# Where to find my karma rating...



## Mrs. Cuillo (Dec 23, 2006)

I was just wondering where I could find my karma rating?  I did search the forums for the answer and found that it should be in the User CP, then scroll down and it should say "Latest Reputation" or something along those lines, but I looked and could find nothing.  Could it be that no one has given me any?  No big deal, I was just wondering!


----------



## buckytom (Dec 23, 2006)

mrs c., look for the karma that i just sent you in your user cp.


----------



## Mrs.
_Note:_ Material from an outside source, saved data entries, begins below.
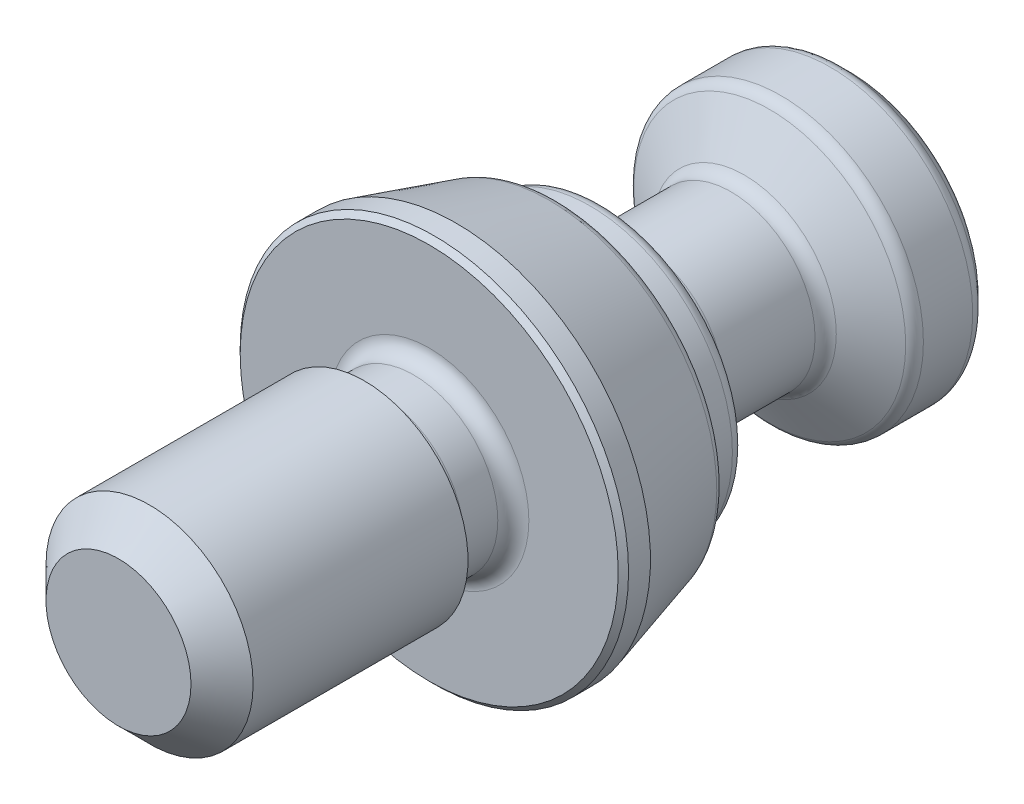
ISO-10303-21;
HEADER;
FILE_DESCRIPTION(('STEP AP214'),'2;1');
FILE_NAME('part.step','',(''),(''),'','','');
FILE_SCHEMA(('AUTOMOTIVE_DESIGN { 1 0 10303 214 1 1 1 1 }'));
ENDSEC;
DATA;
#1=APPLICATION_CONTEXT('core data for automotive mechanical design processes');
#2=APPLICATION_PROTOCOL_DEFINITION('international standard','automotive_design',2000,#1);
#3=PRODUCT_CONTEXT('',#1,'mechanical');
#4=PRODUCT('Part','Part','',(#3));
#5=PRODUCT_RELATED_PRODUCT_CATEGORY('part','',(#4));
#6=PRODUCT_DEFINITION_FORMATION('','',#4);
#7=PRODUCT_DEFINITION_CONTEXT('part definition',#1,'design');
#8=PRODUCT_DEFINITION('design','',#6,#7);
#9=PRODUCT_DEFINITION_SHAPE('','',#8);
#10=(LENGTH_UNIT() NAMED_UNIT(*) SI_UNIT(.MILLI.,.METRE.));
#11=(NAMED_UNIT(*) PLANE_ANGLE_UNIT() SI_UNIT($,.RADIAN.));
#12=(NAMED_UNIT(*) SI_UNIT($,.STERADIAN.) SOLID_ANGLE_UNIT());
#13=UNCERTAINTY_MEASURE_WITH_UNIT(LENGTH_MEASURE(1.E-05),#10,'distance_accuracy_value','');
#14=(GEOMETRIC_REPRESENTATION_CONTEXT(3) GLOBAL_UNCERTAINTY_ASSIGNED_CONTEXT((#13)) GLOBAL_UNIT_ASSIGNED_CONTEXT((#10,
#11,#12)) REPRESENTATION_CONTEXT('',''));
#15=CARTESIAN_POINT('',(0.,0.,0.));
#16=DIRECTION('',(0.,0.,1.));
#17=DIRECTION('',(1.,0.,0.));
#18=AXIS2_PLACEMENT_3D('',#15,#16,#17);
#19=CARTESIAN_POINT('',(0.,1.73205080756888,-14.));
#20=DIRECTION('',(0.,0.,-1.));
#21=DIRECTION('',(-1.,0.,0.));
#22=AXIS2_PLACEMENT_3D('',#19,#20,#21);
#23=PLANE('',#22);
#24=DIRECTION('',(0.,-1.,0.));
#25=VECTOR('',#24,1.);
#26=CARTESIAN_POINT('',(1.5,0.866025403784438,-14.));
#27=LINE('',#26,#25);
#28=CARTESIAN_POINT('',(1.5,0.866025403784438,-14.));
#29=VERTEX_POINT('',#28);
#30=CARTESIAN_POINT('',(1.5,0.,-14.));
#31=VERTEX_POINT('',#30);
#32=EDGE_CURVE('E222',#29,#31,#27,.T.);
#33=ORIENTED_EDGE('',*,*,#32,.T.);
#34=CARTESIAN_POINT('',(0.,0.,-14.));
#35=DIRECTION('',(0.,0.,1.));
#36=DIRECTION('',(1.,0.,0.));
#37=AXIS2_PLACEMENT_3D('',#34,#35,#36);
#38=CIRCLE('',#37,1.5);
#39=CARTESIAN_POINT('',(0.75,1.29903810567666,-14.));
#40=VERTEX_POINT('',#39);
#41=EDGE_CURVE('E29',#31,#40,#38,.T.);
#42=ORIENTED_EDGE('',*,*,#41,.T.);
#43=DIRECTION('',(0.866025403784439,-0.5,0.));
#44=VECTOR('',#43,1.);
#45=CARTESIAN_POINT('',(0.,1.73205080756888,-14.));
#46=LINE('',#45,#44);
#47=EDGE_CURVE('E685',#40,#29,#46,.T.);
#48=ORIENTED_EDGE('',*,*,#47,.T.);
#49=EDGE_LOOP('',(#33,#42,#48));
#50=FACE_BOUND('',#49,.T.);
#51=ADVANCED_FACE('F14',(#50),#23,.T.);
#52=CARTESIAN_POINT('',(0.,1.73205080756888,-14.));
#53=VERTEX_POINT('',#52);
#54=EDGE_CURVE('E686',#53,#40,#46,.T.);
#55=ORIENTED_EDGE('',*,*,#54,.T.);
#56=CARTESIAN_POINT('',(-0.75,1.29903810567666,-14.));
#57=VERTEX_POINT('',#56);
#58=EDGE_CURVE('E100',#40,#57,#38,.T.);
#59=ORIENTED_EDGE('',*,*,#58,.T.);
#60=DIRECTION('',(0.866025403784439,0.5,0.));
#61=VECTOR('',#60,1.);
#62=CARTESIAN_POINT('',(-1.5,0.86602540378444,-14.));
#63=LINE('',#62,#61);
#64=EDGE_CURVE('E681',#57,#53,#63,.T.);
#65=ORIENTED_EDGE('',*,*,#64,.T.);
#66=EDGE_LOOP('',(#55,#59,#65));
#67=FACE_BOUND('',#66,.T.);
#68=ADVANCED_FACE('F182',(#67),#23,.T.);
#69=CARTESIAN_POINT('',(-1.5,0.86602540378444,-14.));
#70=VERTEX_POINT('',#69);
#71=EDGE_CURVE('E682',#70,#57,#63,.T.);
#72=ORIENTED_EDGE('',*,*,#71,.T.);
#73=CARTESIAN_POINT('',(-1.5,0.,-14.));
#74=VERTEX_POINT('',#73);
#75=EDGE_CURVE('E704',#57,#74,#38,.T.);
#76=ORIENTED_EDGE('',*,*,#75,.T.);
#77=DIRECTION('',(0.,1.,0.));
#78=VECTOR('',#77,1.);
#79=CARTESIAN_POINT('',(-1.5,-0.866025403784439,-14.));
#80=LINE('',#79,#78);
#81=EDGE_CURVE('E227',#74,#70,#80,.T.);
#82=ORIENTED_EDGE('',*,*,#81,.T.);
#83=EDGE_LOOP('',(#72,#76,#82));
#84=FACE_BOUND('',#83,.T.);
#85=ADVANCED_FACE('F190',(#84),#23,.T.);
#86=CARTESIAN_POINT('',(-1.5,-0.866025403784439,-14.));
#87=VERTEX_POINT('',#86);
#88=EDGE_CURVE('E228',#87,#74,#80,.T.);
#89=ORIENTED_EDGE('',*,*,#88,.T.);
#90=CARTESIAN_POINT('',(-0.75,-1.29903810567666,-14.));
#91=VERTEX_POINT('',#90);
#92=EDGE_CURVE('E703',#74,#91,#38,.T.);
#93=ORIENTED_EDGE('',*,*,#92,.T.);
#94=DIRECTION('',(-0.866025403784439,0.5,0.));
#95=VECTOR('',#94,1.);
#96=CARTESIAN_POINT('',(0.,-1.73205080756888,-14.));
#97=LINE('',#96,#95);
#98=EDGE_CURVE('E217',#91,#87,#97,.T.);
#99=ORIENTED_EDGE('',*,*,#98,.T.);
#100=EDGE_LOOP('',(#89,#93,#99));
#101=FACE_BOUND('',#100,.T.);
#102=ADVANCED_FACE('F206',(#101),#23,.T.);
#103=CARTESIAN_POINT('',(0.,-1.73205080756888,-14.));
#104=VERTEX_POINT('',#103);
#105=EDGE_CURVE('E220',#104,#91,#97,.T.);
#106=ORIENTED_EDGE('',*,*,#105,.T.);
#107=CARTESIAN_POINT('',(0.75,-1.29903810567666,-14.));
#108=VERTEX_POINT('',#107);
#109=EDGE_CURVE('E701',#91,#108,#38,.T.);
#110=ORIENTED_EDGE('',*,*,#109,.T.);
#111=DIRECTION('',(-0.866025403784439,-0.5,0.));
#112=VECTOR('',#111,1.);
#113=CARTESIAN_POINT('',(1.5,-0.866025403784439,-14.));
#114=LINE('',#113,#112);
#115=EDGE_CURVE('E218',#108,#104,#114,.T.);
#116=ORIENTED_EDGE('',*,*,#115,.T.);
#117=EDGE_LOOP('',(#106,#110,#116));
#118=FACE_BOUND('',#117,.T.);
#119=ADVANCED_FACE('F196',(#118),#23,.T.);
#120=CARTESIAN_POINT('',(1.5,-0.866025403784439,-14.));
#121=VERTEX_POINT('',#120);
#122=EDGE_CURVE('E210',#121,#108,#114,.T.);
#123=ORIENTED_EDGE('',*,*,#122,.T.);
#124=EDGE_CURVE('E101',#108,#31,#38,.T.);
#125=ORIENTED_EDGE('',*,*,#124,.T.);
#126=EDGE_CURVE('E212',#31,#121,#27,.T.);
#127=ORIENTED_EDGE('',*,*,#126,.T.);
#128=EDGE_LOOP('',(#123,#125,#127));
#129=FACE_BOUND('',#128,.T.);
#130=ADVANCED_FACE('F185',(#129),#23,.T.);
#131=CARTESIAN_POINT('',(0.,5.5005,-16.5));
#132=DIRECTION('',(0.,0.,-1.));
#133=DIRECTION('',(-1.,0.,0.));
#134=AXIS2_PLACEMENT_3D('',#131,#132,#133);
#135=PLANE('',#134);
#136=CARTESIAN_POINT('',(0.,0.,-16.5));
#137=DIRECTION('',(0.,0.,-1.));
#138=DIRECTION('',(-1.,0.,0.));
#139=AXIS2_PLACEMENT_3D('',#136,#137,#138);
#140=CIRCLE('',#139,4.28578643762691);
#141=CARTESIAN_POINT('',(-4.28578643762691,0.,-16.5));
#142=VERTEX_POINT('',#141);
#143=EDGE_CURVE('E269',#142,#142,#140,.T.);
#144=ORIENTED_EDGE('',*,*,#143,.T.);
#145=EDGE_LOOP('',(#144));
#146=FACE_BOUND('',#145,.T.);
#147=CARTESIAN_POINT('',(0.,0.,-16.5));
#148=DIRECTION('',(0.,0.,1.));
#149=DIRECTION('',(1.,0.,0.));
#150=AXIS2_PLACEMENT_3D('',#147,#148,#149);
#151=CIRCLE('',#150,2.);
#152=CARTESIAN_POINT('',(2.,0.,-16.5));
#153=VERTEX_POINT('',#152);
#154=EDGE_CURVE('E98',#153,#153,#151,.T.);
#155=ORIENTED_EDGE('',*,*,#154,.T.);
#156=EDGE_LOOP('',(#155));
#157=FACE_BOUND('',#156,.T.);
#158=ADVANCED_FACE('F195',(#146,#157),#135,.T.);
#159=CARTESIAN_POINT('',(0.,0.,0.));
#160=DIRECTION('',(0.,0.,1.));
#161=DIRECTION('',(1.,0.,0.));
#162=AXIS2_PLACEMENT_3D('',#159,#160,#161);
#163=CYLINDRICAL_SURFACE('',#162,5.5);
#164=CARTESIAN_POINT('',(0.,0.,-15.4928932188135));
#165=DIRECTION('',(0.,0.,-1.));
#166=DIRECTION('',(-1.,0.,0.));
#167=AXIS2_PLACEMENT_3D('',#164,#165,#166);
#168=CIRCLE('',#167,5.5);
#169=CARTESIAN_POINT('',(-5.5,0.,-15.4928932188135));
#170=VERTEX_POINT('',#169);
#171=EDGE_CURVE('E293',#170,#170,#168,.F.);
#172=ORIENTED_EDGE('',*,*,#171,.T.);
#173=EDGE_LOOP('',(#172));
#174=FACE_BOUND('',#173,.T.);
#175=CARTESIAN_POINT('',(0.,0.,-13.5877132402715));
#176=DIRECTION('',(0.,0.,-1.));
#177=DIRECTION('',(-1.,0.,0.));
#178=AXIS2_PLACEMENT_3D('',#175,#176,#177);
#179=CIRCLE('',#178,5.5);
#180=CARTESIAN_POINT('',(-5.5,0.,-13.5877132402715));
#181=VERTEX_POINT('',#180);
#182=EDGE_CURVE('E290',#181,#181,#179,.T.);
#183=ORIENTED_EDGE('',*,*,#182,.T.);
#184=EDGE_LOOP('',(#183));
#185=FACE_BOUND('',#184,.T.);
#186=ADVANCED_FACE('F203',(#174,#185),#163,.T.);
#187=CARTESIAN_POINT('',(0.,0.,0.));
#188=DIRECTION('',(0.,0.,-1.));
#189=DIRECTION('',(-1.,0.,0.));
#190=AXIS2_PLACEMENT_3D('',#187,#188,#189);
#191=CYLINDRICAL_SURFACE('',#190,5.5005);
#192=CARTESIAN_POINT('',(0.,0.,-5.4));
#193=DIRECTION('',(0.,0.,-1.));
#194=DIRECTION('',(-1.,0.,0.));
#195=AXIS2_PLACEMENT_3D('',#192,#193,#194);
#196=CIRCLE('',#195,5.5005);
#197=CARTESIAN_POINT('',(-5.5005,0.,-5.4));
#198=VERTEX_POINT('',#197);
#199=EDGE_CURVE('E9',#198,#198,#196,.T.);
#200=ORIENTED_EDGE('',*,*,#199,.T.);
#201=EDGE_LOOP('',(#200));
#202=FACE_BOUND('',#201,.T.);
#203=CARTESIAN_POINT('',(0.,0.,-6.21132486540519));
#204=DIRECTION('',(0.,0.,-1.));
#205=DIRECTION('',(-1.,0.,0.));
#206=AXIS2_PLACEMENT_3D('',#203,#204,#205);
#207=CIRCLE('',#206,5.5005);
#208=CARTESIAN_POINT('',(-5.5005,0.,-6.21132486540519));
#209=VERTEX_POINT('',#208);
#210=EDGE_CURVE('E302',#209,#209,#207,.F.);
#211=ORIENTED_EDGE('',*,*,#210,.T.);
#212=EDGE_LOOP('',(#211));
#213=FACE_BOUND('',#212,.T.);
#214=ADVANCED_FACE('F330',(#202,#213),#191,.T.);
#215=CARTESIAN_POINT('',(0.,0.,-6.5));
#216=DIRECTION('',(0.,0.,1.));
#217=DIRECTION('',(1.,0.,0.));
#218=AXIS2_PLACEMENT_3D('',#215,#216,#217);
#219=CONICAL_SURFACE('',#218,5.5005,1.0471975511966);
#220=CARTESIAN_POINT('',(0.,0.,-6.64433756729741));
#221=DIRECTION('',(0.,0.,-1.));
#222=DIRECTION('',(-1.,0.,0.));
#223=AXIS2_PLACEMENT_3D('',#220,#221,#222);
#224=CIRCLE('',#223,5.2505);
#225=CARTESIAN_POINT('',(-5.2505,0.,-6.64433756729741));
#226=VERTEX_POINT('',#225);
#227=EDGE_CURVE('E305',#226,#226,#224,.T.);
#228=ORIENTED_EDGE('',*,*,#227,.T.);
#229=EDGE_LOOP('',(#228));
#230=FACE_BOUND('',#229,.T.);
#231=CARTESIAN_POINT('',(0.,0.,-7.62612170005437));
#232=DIRECTION('',(0.,0.,1.));
#233=DIRECTION('',(1.,0.,0.));
#234=AXIS2_PLACEMENT_3D('',#231,#232,#233);
#235=CIRCLE('',#234,3.55);
#236=CARTESIAN_POINT('',(3.55,0.,-7.62612170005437));
#237=VERTEX_POINT('',#236);
#238=EDGE_CURVE('E257',#237,#237,#235,.T.);
#239=ORIENTED_EDGE('',*,*,#238,.T.);
#240=EDGE_LOOP('',(#239));
#241=FACE_BOUND('',#240,.T.);
#242=ADVANCED_FACE('F333',(#230,#241),#219,.T.);
#243=CARTESIAN_POINT('',(0.,0.,0.));
#244=DIRECTION('',(0.,0.,1.));
#245=DIRECTION('',(1.,0.,0.));
#246=AXIS2_PLACEMENT_3D('',#243,#244,#245);
#247=CYLINDRICAL_SURFACE('',#246,3.25);
#248=CARTESIAN_POINT('',(0.,0.,-11.6535898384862));
#249=DIRECTION('',(0.,0.,1.));
#250=DIRECTION('',(1.,0.,0.));
#251=AXIS2_PLACEMENT_3D('',#248,#249,#250);
#252=CIRCLE('',#251,3.25);
#253=CARTESIAN_POINT('',(3.25,0.,-11.6535898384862));
#254=VERTEX_POINT('',#253);
#255=EDGE_CURVE('E251',#254,#254,#252,.T.);
#256=ORIENTED_EDGE('',*,*,#255,.T.);
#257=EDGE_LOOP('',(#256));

Cuillo (Dec 23, 2006)

Thank you!!  Now I understand what to look for.   No one had sent me any yet so that's why I couldn't see it.  Thank you for your help.


----------



## wasabi (Dec 23, 2006)

Check again Mrs. Cuillo.


----------



## kadesma (Dec 23, 2006)

And one more time, I think I saw Santa on your roof top  

kadesma


----------



## Mrs. Cuillo (Dec 23, 2006)

Well thank you everyone!!  I like my early Christmas presents!!!


----------



## kadesma (Jan 7, 2007)

Pook said:
			
		

> Oh gee! Took me forever to find the answer to my same question! Aha! Thanks!
> Hugs,
> Pook


Have you checked lately?

kadesma


----------